Donghoon Lee, Nov-3-2019

In [1]:
import os
import numpy as np
import pandas as pd
import gdal
import rasterio
import fhvuln as fhv

### Load 2017 INEI Census data:
- C2P1: Type of Housing (hous, 0-1)
- PAGE5: Percent children under 5 years
- PAGE65: Percent of elderly population (65+ years)
- PFEMALE: Percent females
- PDISABL: Percent population with disability
- PMEDINS: Percent population with health insurance
- PNOSWALL: Percent households without strong walls
- PNOWATER: Percent households without public water supply
- PNOELEC: Percent households without electricity
- PNOSEWAGE: Percent households without sewage infrastructure
- PLITERACY: Percent population who cannot read and write
- PNOPRIEDU: Percent population who don't complete primary education
- PNOCOLLEGE: Percent population who don't complete college degree
- PRENT: Percentage of rented houses
- ANUMBFAMILY: Averaged Numer of people in family
- PPHONE: Percent households with cell phone or landline
- PAUTOMOBILE: Percent households with automobiles

In [2]:
input_names = [['PAGE5','pos','person','Children under 5 years (%)'],
               ['PAGE65','pos','person','Elder population (65+ years) (%)'],
               ['PFEMALE','pos','person','Percent females'],
               ['PDISABL','pos','person','Percent population with disability'],
               ['PMEDINS','neg','person','Percent population with health insurance'],
               ['PNOSWALL','pos','house','Percent households without strong walls'],
               ['PNOWATER','pos','house','Percent households without public water supply'],
               ['PNOELEC','pos','house','Percent households without electricity'],
               ['PNOSEWAGE','pos','house','Percent households without sewage infrastructure'],
               ['PLITERACY','pos','person','Percent population who cannot read and write'],
               ['PNOPRIEDU','pos','person','Percent population who don''t complete primary education'],
               ['PNOCOLLEGE','pos','person','Percent population who don''t complete college degree'],
               ['PRENT','pos','house','Percentage of rented houses'],
               ['ANUMBFAMILY','pos','house','Averaged Numer of people in family'],
               ['PPHONE','neg','house','Percent households with cell phone or landline'],
               ['PAUTOMOBILE','neg','house','Percent households with automobiles']]
data_name = pd.DataFrame(input_names, columns=['Name','Sign','Type','Description'])

In [3]:
# Label values is manually exported and translated
fn_label = os.path.join('data','census','label_values.xlsx')
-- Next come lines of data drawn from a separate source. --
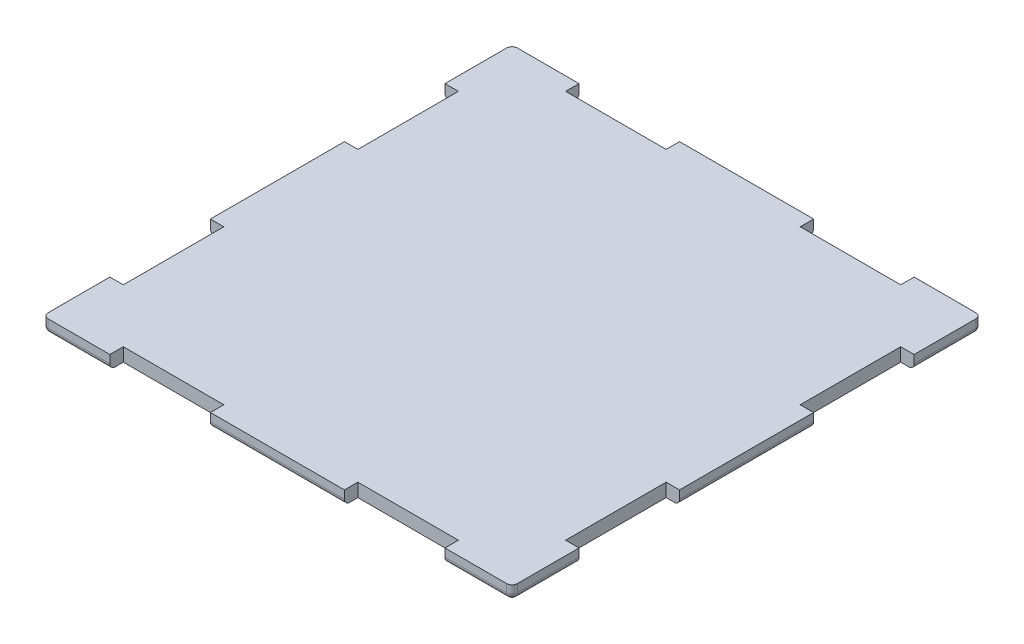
ISO-10303-21;
HEADER;
FILE_DESCRIPTION(('STEP AP214'),'2;1');
FILE_NAME('part.step','',(''),(''),'','','');
FILE_SCHEMA(('AUTOMOTIVE_DESIGN { 1 0 10303 214 1 1 1 1 }'));
ENDSEC;
DATA;
#1=APPLICATION_CONTEXT('core data for automotive mechanical design processes');
#2=APPLICATION_PROTOCOL_DEFINITION('international standard','automotive_design',2000,#1);
#3=PRODUCT_CONTEXT('',#1,'mechanical');
#4=PRODUCT('Part','Part','',(#3));
#5=PRODUCT_RELATED_PRODUCT_CATEGORY('part','',(#4));
#6=PRODUCT_DEFINITION_FORMATION('','',#4);
#7=PRODUCT_DEFINITION_CONTEXT('part definition',#1,'design');
#8=PRODUCT_DEFINITION('design','',#6,#7);
#9=PRODUCT_DEFINITION_SHAPE('','',#8);
#10=(LENGTH_UNIT() NAMED_UNIT(*) SI_UNIT(.MILLI.,.METRE.));
#11=(NAMED_UNIT(*) PLANE_ANGLE_UNIT() SI_UNIT($,.RADIAN.));
#12=(NAMED_UNIT(*) SI_UNIT($,.STERADIAN.) SOLID_ANGLE_UNIT());
#13=UNCERTAINTY_MEASURE_WITH_UNIT(LENGTH_MEASURE(1.E-05),#10,'distance_accuracy_value','');
#14=(GEOMETRIC_REPRESENTATION_CONTEXT(3) GLOBAL_UNCERTAINTY_ASSIGNED_CONTEXT((#13)) GLOBAL_UNIT_ASSIGNED_CONTEXT((#10,
#11,#12)) REPRESENTATION_CONTEXT('',''));
#15=CARTESIAN_POINT('',(0.,0.,0.));
#16=DIRECTION('',(0.,0.,1.));
#17=DIRECTION('',(1.,0.,0.));
#18=AXIS2_PLACEMENT_3D('',#15,#16,#17);
#19=CARTESIAN_POINT('',(-175.,10.,175.));
#20=DIRECTION('',(1.,0.,0.));
#21=DIRECTION('',(0.,0.,-1.));
#22=AXIS2_PLACEMENT_3D('',#19,#20,#21);
#23=PLANE('',#22);
#24=DIRECTION('',(0.,1.,0.));
#25=VECTOR('',#24,1.);
#26=CARTESIAN_POINT('',(-175.,0.,-50.0000000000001));
#27=LINE('',#26,#25);
#28=CARTESIAN_POINT('',(-175.,4.,-50.0000000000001));
#29=VERTEX_POINT('',#28);
#30=CARTESIAN_POINT('',(-175.,10.,-50.0000000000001));
#31=VERTEX_POINT('',#30);
#32=EDGE_CURVE('E551',#29,#31,#27,.T.);
#33=ORIENTED_EDGE('',*,*,#32,.F.);
#34=DIRECTION('',(0.,0.,1.));
#35=VECTOR('',#34,1.);
#36=CARTESIAN_POINT('',(-175.,4.,175.));
#37=LINE('',#36,#35);
#38=CARTESIAN_POINT('',(-175.,4.,49.9999999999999));
#39=VERTEX_POINT('',#38);
#40=EDGE_CURVE('E674',#29,#39,#37,.T.);
#41=ORIENTED_EDGE('',*,*,#40,.T.);
#42=DIRECTION('',(0.,1.,0.));
#43=VECTOR('',#42,1.);
#44=CARTESIAN_POINT('',(-175.,0.,49.9999999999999));
#45=LINE('',#44,#43);
#46=CARTESIAN_POINT('',(-175.,10.,49.9999999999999));
#47=VERTEX_POINT('',#46);
#48=EDGE_CURVE('E481',#39,#47,#45,.T.);
#49=ORIENTED_EDGE('',*,*,#48,.T.);
#50=DIRECTION('',(0.,0.,1.));
#51=VECTOR('',#50,1.);
#52=CARTESIAN_POINT('',(-175.,10.,175.));
#53=LINE('',#52,#51);
#54=EDGE_CURVE('E571',#31,#47,#53,.T.);
#55=ORIENTED_EDGE('',*,*,#54,.F.);
#56=EDGE_LOOP('',(#33,#41,#49,#55));
#57=FACE_BOUND('',#56,.T.);
#58=ADVANCED_FACE('F33',(#57),#23,.F.);
#59=CARTESIAN_POINT('',(175.,10.,175.));
#60=DIRECTION('',(0.,0.,-1.));
#61=DIRECTION('',(-1.,0.,0.));
#62=AXIS2_PLACEMENT_3D('',#59,#60,#61);
#63=PLANE('',#62);
#64=DIRECTION('',(0.,1.,0.));
#65=VECTOR('',#64,1.);
#66=CARTESIAN_POINT('',(-50.0000000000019,0.,175.));
#67=LINE('',#66,#65);
#68=CARTESIAN_POINT('',(-50.0000000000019,4.,175.));
#69=VERTEX_POINT('',#68);
#70=CARTESIAN_POINT('',(-50.0000000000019,10.,175.));
#71=VERTEX_POINT('',#70);
#72=EDGE_CURVE('E425',#69,#71,#67,.T.);
#73=ORIENTED_EDGE('',*,*,#72,.F.);
#74=DIRECTION('',(1.,0.,0.));
#75=VECTOR('',#74,1.);
#76=CARTESIAN_POINT('',(175.,4.,175.));
#77=LINE('',#76,#75);
#78=CARTESIAN_POINT('',(49.9999999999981,4.,175.000000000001));
#79=VERTEX_POINT('',#78);
#80=EDGE_CURVE('E689',#69,#79,#77,.T.);
#81=ORIENTED_EDGE('',*,*,#80,.T.);
#82=DIRECTION('',(0.,1.,0.));
#83=VECTOR('',#82,1.);
#84=CARTESIAN_POINT('',(49.9999999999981,0.,175.000000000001));
#85=LINE('',#84,#83);
#86=CARTESIAN_POINT('',(49.9999999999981,10.,175.000000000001));
#87=VERTEX_POINT('',#86);
#88=EDGE_CURVE('E430',#79,#87,#85,.T.);
#89=ORIENTED_EDGE('',*,*,#88,.T.);
#90=DIRECTION('',(1.,0.,0.));
#91=VECTOR('',#90,1.);
#92=CARTESIAN_POINT('',(175.,10.,175.));
#93=LINE('',#92,#91);
#94=EDGE_CURVE('E575',#71,#87,#93,.T.);
#95=ORIENTED_EDGE('',*,*,#94,.F.);
#96=EDGE_LOOP('',(#73,#81,#89,#95));
#97=FACE_BOUND('',#96,.T.);
#98=ADVANCED_FACE('F787',(#97),#63,.F.);
#99=CARTESIAN_POINT('',(-171.,10.,175.));
#100=VERTEX_POINT('',#99);
#101=CARTESIAN_POINT('',(-125.000000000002,10.,174.999999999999));
#102=VERTEX_POINT('',#101);
#103=EDGE_CURVE('E572',#100,#102,#93,.T.);
#104=ORIENTED_EDGE('',*,*,#103,.F.);
#105=DIRECTION('',(0.,-1.,0.));
#106=VECTOR('',#105,1.);
#107=CARTESIAN_POINT('',(-171.,10.,175.));
#108=LINE('',#107,#106);
#109=CARTESIAN_POINT('',(-171.,4.,175.));
#110=VERTEX_POINT('',#109);
#111=EDGE_CURVE('E587',#100,#110,#108,.T.);
#112=ORIENTED_EDGE('',*,*,#111,.T.);
#113=DIRECTION('',(1.,0.,0.));
#114=VECTOR('',#113,1.);
#115=CARTESIAN_POINT('',(175.,4.,175.));
#116=LINE('',#115,#114);
#117=CARTESIAN_POINT('',(-125.000000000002,4.,174.999999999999));
#118=VERTEX_POINT('',#117);
#119=EDGE_CURVE('E584',#110,#118,#116,.T.);
#120=ORIENTED_EDGE('',*,*,#119,.T.);
#121=DIRECTION('',(0.,1.,0.));
#122=VECTOR('',#121,1.);
#123=CARTESIAN_POINT('',(-125.000000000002,0.,174.999999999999));
#124=LINE('',#123,#122);
#125=EDGE_CURVE('E405',#118,#102,#124,.T.);
#126=ORIENTED_EDGE('',*,*,#125,.T.);
#127=EDGE_LOOP('',(#104,#112,#120,#126));
#128=FACE_BOUND('',#127,.T.);
#129=ADVANCED_FACE('F796',(#128),#63,.F.);
#130=CARTESIAN_POINT('',(175.,10.,175.));
#131=DIRECTION('',(-1.,0.,0.));
#132=DIRECTION('',(0.,0.,1.));
#133=AXIS2_PLACEMENT_3D('',#130,#131,#132);
#134=PLANE('',#133);
#135=DIRECTION('',(0.,1.,0.));
#136=VECTOR('',#135,1.);
#137=CARTESIAN_POINT('',(175.,0.,50.0000000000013));
#138=LINE('',#137,#136);
#139=CARTESIAN_POINT('',(175.,4.,50.0000000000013));
#140=VERTEX_POINT('',#139);
#141=CARTESIAN_POINT('',(175.,10.,50.0000000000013));
#142=VERTEX_POINT('',#141);
#143=EDGE_CURVE('E372',#140,#142,#138,.T.);
#144=ORIENTED_EDGE('',*,*,#143,.F.);
#145=DIRECTION('',(0.,0.,-1.));
#146=VECTOR('',#145,1.);
#147=CARTESIAN_POINT('',(175.,4.,175.));
#148=LINE('',#147,#146);
#149=CARTESIAN_POINT('',(175.,4.,-49.9999999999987));
#150=VERTEX_POINT('',#149);
#151=EDGE_CURVE('E635',#140,#150,#148,.T.);
#152=ORIENTED_EDGE('',*,*,#151,.T.);
#153=DIRECTION('',(0.,1.,0.));
#154=VECTOR('',#153,1.);
#155=CARTESIAN_POINT('',(175.,0.,-49.9999999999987));
#156=LINE('',#155,#154);
#157=CARTESIAN_POINT('',(175.,10.,-49.9999999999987));
#158=VERTEX_POINT('',#157);
#159=EDGE_CURVE('E385',#150,#158,#156,.T.);
#160=ORIENTED_EDGE('',*,*,#159,.T.);
#161=DIRECTION('',(0.,0.,-1.));
#162=VECTOR('',#161,1.);
#163=CARTESIAN_POINT('',(175.,10.,175.));
#164=LINE('',#163,#162);
#165=EDGE_CURVE('E580',#142,#158,#164,.T.);
#166=ORIENTED_EDGE('',*,*,#165,.F.);
#167=EDGE_LOOP('',(#144,#152,#160,#166));
#168=FACE_BOUND('',#167,.T.);
#169=ADVANCED_FACE('F891',(#168),#134,.F.);
#170=DIRECTION('',(0.,-1.,0.));
#171=VECTOR('',#170,1.);
#172=CARTESIAN_POINT('',(175.,10.,171.));
#173=LINE('',#172,#171);
#174=CARTESIAN_POINT('',(175.,10.,171.));
#175=VERTEX_POINT('',#174);
#176=CARTESIAN_POINT('',(175.,4.,171.));
#177=VERTEX_POINT('',#176);
#178=EDGE_CURVE('E642',#175,#177,#173,.T.);
#179=ORIENTED_EDGE('',*,*,#178,.T.);
#180=DIRECTION('',(0.,0.,-1.));
#181=VECTOR('',#180,1.);
#182=CARTESIAN_POINT('',(175.,4.,175.));
#183=LINE('',#182,#181);
#184=CARTESIAN_POINT('',(174.999999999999,4.,125.000000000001));
#185=VERTEX_POINT('',#184);
#186=EDGE_CURVE('E644',#177,#185,#183,.T.);
#187=ORIENTED_EDGE('',*,*,#186,.T.);
#188=DIRECTION('',(0.,1.,0.));
#189=VECTOR('',#188,1.);
#190=CARTESIAN_POINT('',(174.999999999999,0.,125.000000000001));
#191=LINE('',#190,#189);
#192=CARTESIAN_POINT('',(174.999999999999,10.,125.000000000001));
#193=VERTEX_POINT('',#192);
#194=EDGE_CURVE('E362',#185,#193,#191,.T.);
#195=ORIENTED_EDGE('',*,*,#194,.T.);
#196=EDGE_CURVE('E576',#175,#193,#164,.T.);
#197=ORIENTED_EDGE('',*,*,#196,.F.);
#198=EDGE_LOOP('',(#179,#187,#195,#197));
#199=FACE_BOUND('',#198,.T.);
#200=ADVANCED_FACE('F882',(#199),#134,.F.);
#201=CARTESIAN_POINT('',(175.,10.,-175.));
#202=DIRECTION('',(0.,0.,1.));
#203=DIRECTION('',(1.,0.,0.));
#204=AXIS2_PLACEMENT_3D('',#201,#202,#203);
#205=PLANE('',#204);
#206=DIRECTION('',(0.,1.,0.));
#207=VECTOR('',#206,1.);
#208=CARTESIAN_POINT('',(50.0000000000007,0.,-175.));
#209=LINE('',#208,#207);
#210=CARTESIAN_POINT('',(50.0000000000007,4.,-175.));
#211=VERTEX_POINT('',#210);
#212=CARTESIAN_POINT('',(50.0000000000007,10.,-175.));
#213=VERTEX_POINT('',#212);
#214=EDGE_CURVE('E476',#211,#213,#209,.T.);
#215=ORIENTED_EDGE('',*,*,#214,.F.);
#216=DIRECTION('',(-1.,0.,0.));
#217=VECTOR('',#216,1.);
#218=CARTESIAN_POINT('',(175.,4.,-175.));
#219=LINE('',#218,#217);
#220=CARTESIAN_POINT('',(-49.9999999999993,4.,-175.));
#221=VERTEX_POINT('',#220);
#222=EDGE_CURVE('E654',#211,#221,#219,.T.);
#223=ORIENTED_EDGE('',*,*,#222,.T.);
#224=DIRECTION('',(0.,1.,0.));
#225=VECTOR('',#224,1.);
#226=CARTESIAN_POINT('',(-49.9999999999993,0.,-175.));
#227=LINE('',#226,#225);
#228=CARTESIAN_POINT('',(-49.9999999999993,10.,-175.));
#229=VERTEX_POINT('',#228);
#230=EDGE_CURVE('E508',#221,#229,#227,.T.);
#231=ORIENTED_EDGE('',*,*,#230,.T.);
#232=DIRECTION('',(-1.,0.,0.));
#233=VECTOR('',#232,1.);
#234=CARTESIAN_POINT('',(175.,10.,-175.));
#235=LINE('',#234,#233);
#236=EDGE_CURVE('E585',#213,#229,#235,.T.);
#237=ORIENTED_EDGE('',*,*,#236,.F.);
#238=EDGE_LOOP('',(#215,#223,#231,#237));
#239=FACE_BOUND('',#238,.T.);
#240=ADVANCED_FACE('F766',(#239),#205,.F.);
#241=CARTESIAN_POINT('',(171.,10.,-175.));
#242=VERTEX_POINT('',#241);
#243=CARTESIAN_POINT('',(125.000000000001,10.,-175.));
#244=VERTEX_POINT('',#243);
#245=EDGE_CURVE('E581',#242,#244,#235,.T.);
#246=ORIENTED_EDGE('',*,*,#245,.F.);
#247=DIRECTION('',(0.,-1.,0.));
#248=VECTOR('',#247,1.);
#249=CARTESIAN_POINT('',(171.,10.,-175.));
#250=LINE('',#249,#248);
#251=CARTESIAN_POINT('',(171.,4.,-175.));
#252=VERTEX_POINT('',#251);
#253=EDGE_CURVE('E650',#242,#252,#250,.T.);
#254=ORIENTED_EDGE('',*,*,#253,.T.);
#255=DIRECTION('',(-1.,0.,0.));
#256=VECTOR('',#255,1.);
#257=CARTESIAN_POINT('',(175.,4.,-175.));
#258=LINE('',#257,#256);
#259=CARTESIAN_POINT('',(125.000000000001,4.,-175.));
#260=VERTEX_POINT('',#259);
#261=EDGE_CURVE('E648',#252,#260,#258,.T.);
#262=ORIENTED_EDGE('',*,*,#261,.T.);
#263=DIRECTION('',(0.,1.,0.));
#264=VECTOR('',#263,1.);
#265=CARTESIAN_POINT('',(125.000000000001,0.,-175.));
#266=LINE('',#265,#264);
#267=EDGE_CURVE('E486',#260,#244,#266,.T.);
#268=ORIENTED_EDGE('',*,*,#267,.T.);
#269=EDGE_LOOP('',(#246,#254,#262,#268));
#270=FACE_BOUND('',#269,.T.);
#271=ADVANCED_FACE('F803',(#270),#205,.F.);
#272=CARTESIAN_POINT('',(-175.,10.,-171.));
#273=VERTEX_POINT('',#272);
#274=CARTESIAN_POINT('',(-175.,10.,-125.));
#275=VERTEX_POINT('',#274);
#276=EDGE_CURVE('E567',#273,#275,#53,.T.);
#277=ORIENTED_EDGE('',*,*,#276,.F.);
#278=DIRECTION('',(0.,-1.,0.));
#279=VECTOR('',#278,1.);
#280=CARTESIAN_POINT('',(-175.,10.,-171.));
#281=LINE('',#280,#279);
#282=CARTESIAN_POINT('',(-175.,4.,-171.));
#283=VERTEX_POINT('',#282);
#284=EDGE_CURVE('E670',#273,#283,#281,.T.);
#285=ORIENTED_EDGE('',*,*,#284,.T.);
#286=DIRECTION('',(0.,0.,1.));
#287=VECTOR('',#286,1.);
#288=CARTESIAN_POINT('',(-175.,4.,175.));
#289=LINE('',#288,#287);
#290=CARTESIAN_POINT('',(-175.,4.,-125.));
#291=VERTEX_POINT('',#290);
#292=EDGE_CURVE('E668',#283,#291,#289,.T.);
#293=ORIENTED_EDGE('',*,*,#292,.T.);
#294=DIRECTION('',(0.,1.,0.));
#295=VECTOR('',#294,1.);
#296=CARTESIAN_POINT('',(-175.,0.,-125.));
#297=LINE('',#296,#295);
#298=EDGE_CURVE('E559',#291,#275,#297,.T.);
#299=ORIENTED_EDGE('',*,*,#298,.T.);
#300=EDGE_LOOP('',(#277,#285,#293,#299));
#301=FACE_BOUND('',#300,.T.);
#302=ADVANCED_FACE('F790',(#301),#23,.F.);
#303=DIRECTION('',(0.,0.,1.));
#304=VECTOR('',#303,1.);
#305=CARTESIAN_POINT('',(-175.,4.,175.));
#306=LINE('',#305,#304);
#307=CARTESIAN_POINT('',(-175.,4.,125.));
#308=VERTEX_POINT('',#307);
#309=CARTESIAN_POINT('',(-175.,4.,171.));
#310=VERTEX_POINT('',#309);
#311=EDGE_CURVE('E590',#308,#310,#306,.T.);
#312=ORIENTED_EDGE('',*,*,#311,.T.);
#313=DIRECTION('',(0.,-1.,0.));
#314=VECTOR('',#313,1.);
#315=CARTESIAN_POINT('',(-175.,10.,171.));
#316=LINE('',#315,#314);
#317=CARTESIAN_POINT('',(-175.,10.,171.));
#318=VERTEX_POINT('',#317);
#319=EDGE_CURVE('E592',#310,#318,#316,.F.);
#320=ORIENTED_EDGE('',*,*,#319,.T.);
#321=CARTESIAN_POINT('',(-175.,10.,125.));
#322=VERTEX_POINT('',#321);
#323=EDGE_CURVE('E561',#322,#318,#53,.T.);
#324=ORIENTED_EDGE('',*,*,#323,.F.);
#325=DIRECTION('',(0.,1.,0.));
#326=VECTOR('',#325,1.);
#327=CARTESIAN_POINT('',(-175.,0.,125.));
#328=LINE('',#327,#326);
#329=EDGE_CURVE('E503',#308,#322,#328,.T.);
#330=ORIENTED_EDGE('',*,*,#329,.F.);
#331=EDGE_LOOP('',(#312,#320,#324,#330));
#332=FACE_BOUND('',#331,.T.);
#333=ADVANCED_FACE('F791',(#332),#23,.F.);
#334=DIRECTION('',(0.,1.,0.));
#335=VECTOR('',#334,1.);
#336=CARTESIAN_POINT('',(124.999999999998,0.,175.000000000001));
#337=LINE('',#336,#335);
#338=CARTESIAN_POINT('',(124.999999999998,4.,175.000000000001));
#339=VERTEX_POINT('',#338);
#340=CARTESIAN_POINT('',(124.999999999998,10.,175.000000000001));
#341=VERTEX_POINT('',#340);
#342=EDGE_CURVE('E451',#339,#341,#337,.T.);
#343=ORIENTED_EDGE('',*,*,#342,.F.);
#344=DIRECTION('',(1.,0.,0.));
#345=VECTOR('',#344,1.);
#346=CARTESIAN_POINT('',(175.,4.,175.));
#347=LINE('',#346,#345);
#348=CARTESIAN_POINT('',(171.,4.,175.));
#349=VERTEX_POINT('',#348);
#350=EDGE_CURVE('E685',#339,#349,#347,.T.);
#351=ORIENTED_EDGE('',*,*,#350,.T.);
#352=DIRECTION('',(0.,-1.,0.));
#353=VECTOR('',#352,1.);
#354=CARTESIAN_POINT('',(171.,10.,175.));
#355=LINE('',#354,#353);
#356=CARTESIAN_POINT('',(171.,10.,175.));
#357=VERTEX_POINT('',#356);
#358=EDGE_CURVE('E683',#349,#357,#355,.F.);
#359=ORIENTED_EDGE('',*,*,#358,.T.);
#360=EDGE_CURVE('E570',#341,#357,#93,.T.);
#361=ORIENTED_EDGE('',*,*,#360,.F.);
#362=EDGE_LOOP('',(#343,#351,#359,#361));
#363=FACE_BOUND('',#362,.T.);
#364=ADVANCED_FACE('F799',(#363),#63,.F.);
#365=DIRECTION('',(0.,1.,0.));
#366=VECTOR('',#365,1.);
#367=CARTESIAN_POINT('',(175.000000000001,0.,-124.999999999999));
#368=LINE('',#367,#366);
#369=CARTESIAN_POINT('',(175.000000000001,4.,-124.999999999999));
#370=VERTEX_POINT('',#369);
#371=CARTESIAN_POINT('',(175.000000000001,10.,-124.999999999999));
#372=VERTEX_POINT('',#371);
#373=EDGE_CURVE('E400',#370,#372,#368,.T.);
#374=ORIENTED_EDGE('',*,*,#373,.F.);
#375=DIRECTION('',(0.,0.,-1.));
#376=VECTOR('',#375,1.);
#377=CARTESIAN_POINT('',(175.,4.,175.));
#378=LINE('',#377,#376);
#379=CARTESIAN_POINT('',(175.,4.,-171.));
#380=VERTEX_POINT('',#379);
#381=EDGE_CURVE('E630',#370,#380,#378,.T.);
#382=ORIENTED_EDGE('',*,*,#381,.T.);
#383=DIRECTION('',(0.,-1.,0.));
#384=VECTOR('',#383,1.);
#385=CARTESIAN_POINT('',(175.,10.,-171.));
#386=LINE('',#385,#384);
#387=CARTESIAN_POINT('',(175.,10.,-171.));
#388=VERTEX_POINT('',#387);
#389=EDGE_CURVE('E628',#380,#388,#386,.F.);
#390=ORIENTED_EDGE('',*,*,#389,.T.);
#391=EDGE_CURVE('E574',#372,#388,#164,.T.);
#392=ORIENTED_EDGE('',*,*,#391,.F.);
#393=EDGE_LOOP('',(#374,#382,#390,#392));
#394=FACE_BOUND('',#393,.T.);
#395=ADVANCED_FACE('F810',(#394),#134,.F.);
#396=DIRECTION('',(0.,1.,0.));
#397=VECTOR('',#396,1.);
#398=CARTESIAN_POINT('',(-124.999999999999,0.,-175.000000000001));
#399=LINE('',#398,#397);
#400=CARTESIAN_POINT('',(-124.999999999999,4.,-175.000000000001));
#401=VERTEX_POINT('',#400);
#402=CARTESIAN_POINT('',(-124.999999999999,10.,-175.000000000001));
#403=VERTEX_POINT('',#402);
#404=EDGE_CURVE('E528',#401,#403,#399,.T.);
#405=ORIENTED_EDGE('',*,*,#404,.F.);
#406=DIRECTION('',(-1.,0.,0.));
#407=VECTOR('',#406,1.);
#408=CARTESIAN_POINT('',(175.,4.,-175.));
#409=LINE('',#408,#407);
#410=CARTESIAN_POINT('',(-171.,4.,-175.));
#411=VERTEX_POINT('',#410);
#412=EDGE_CURVE('E663',#401,#411,#409,.T.);
#413=ORIENTED_EDGE('',*,*,#412,.T.);
#414=DIRECTION('',(0.,-1.,0.));
#415=VECTOR('',#414,1.);
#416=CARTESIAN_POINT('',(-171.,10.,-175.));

# C2P1: Type of Housing (hous, 0-1) 
# (#house_Kutcha_and_Jhupri / #house_total)
# *Pucca means high quality materials (e.g., cement or RCC)
# *Kutcha & Jhupri means weaker materials (e.g., mud, clay, lime, or thatched)
df1 = fhv.ineiCensus(os.path.join('data','census','C2P1.xlsx'), fn_label)
totalHous1 = df1.sum(axis=1).sum()
df2 = fhv.ineiCensus(os.path.join('data','census','C2P2.xlsx'), fn_label)
totalHous2 = df2.sum(axis=1).sum()


# POPULATION DATA
"""
Surveyed population:  29,381,884
Ommited population:    1,855,501
Total population:     31,237,385  
"""
df = fhv.ineiCensus(os.path.join('data','census','EDQUINQ.xlsx'), fn_label)
df = fhv.distCorrect(df, 'sum')
data = pd.DataFrame(index=df.index)  # This should be located at here (#IDDIST=1873)
popu = df.sum(axis=1)           # Total population: 29381884
# - PAGE5 Percent children under 5 years
data['PAGE5'] = df[df.columns[1]]/df.sum(axis=1)
# - PAGE65: Percent of elderly population (65+ years)
data['PAGE65'] = df[df.columns[14:]].sum(axis=1)/df.sum(axis=1)
# - PFEMALE: Percent females
df = fhv.ineiCensus(os.path.join('data','census','C5P2.xlsx'), fn_label)
df = fhv.distCorrect(df, 'sum')
data['PFEMALE'] = df['Woman']/df.sum(axis=1)

#########
# Percent housholds that are female owned
# *** DOWNLOAD ***
#########

# DISABILITY
# - PDISABL: Percent population with disability
df = fhv.ineiCensus(os.path.join('data','census','P09DISC.xlsx'), fn_label)
df = fhv.distCorrect(df, 'sum')
data['PDISABL'] = 1 - df[df.columns[-1]]/df.sum(axis=1)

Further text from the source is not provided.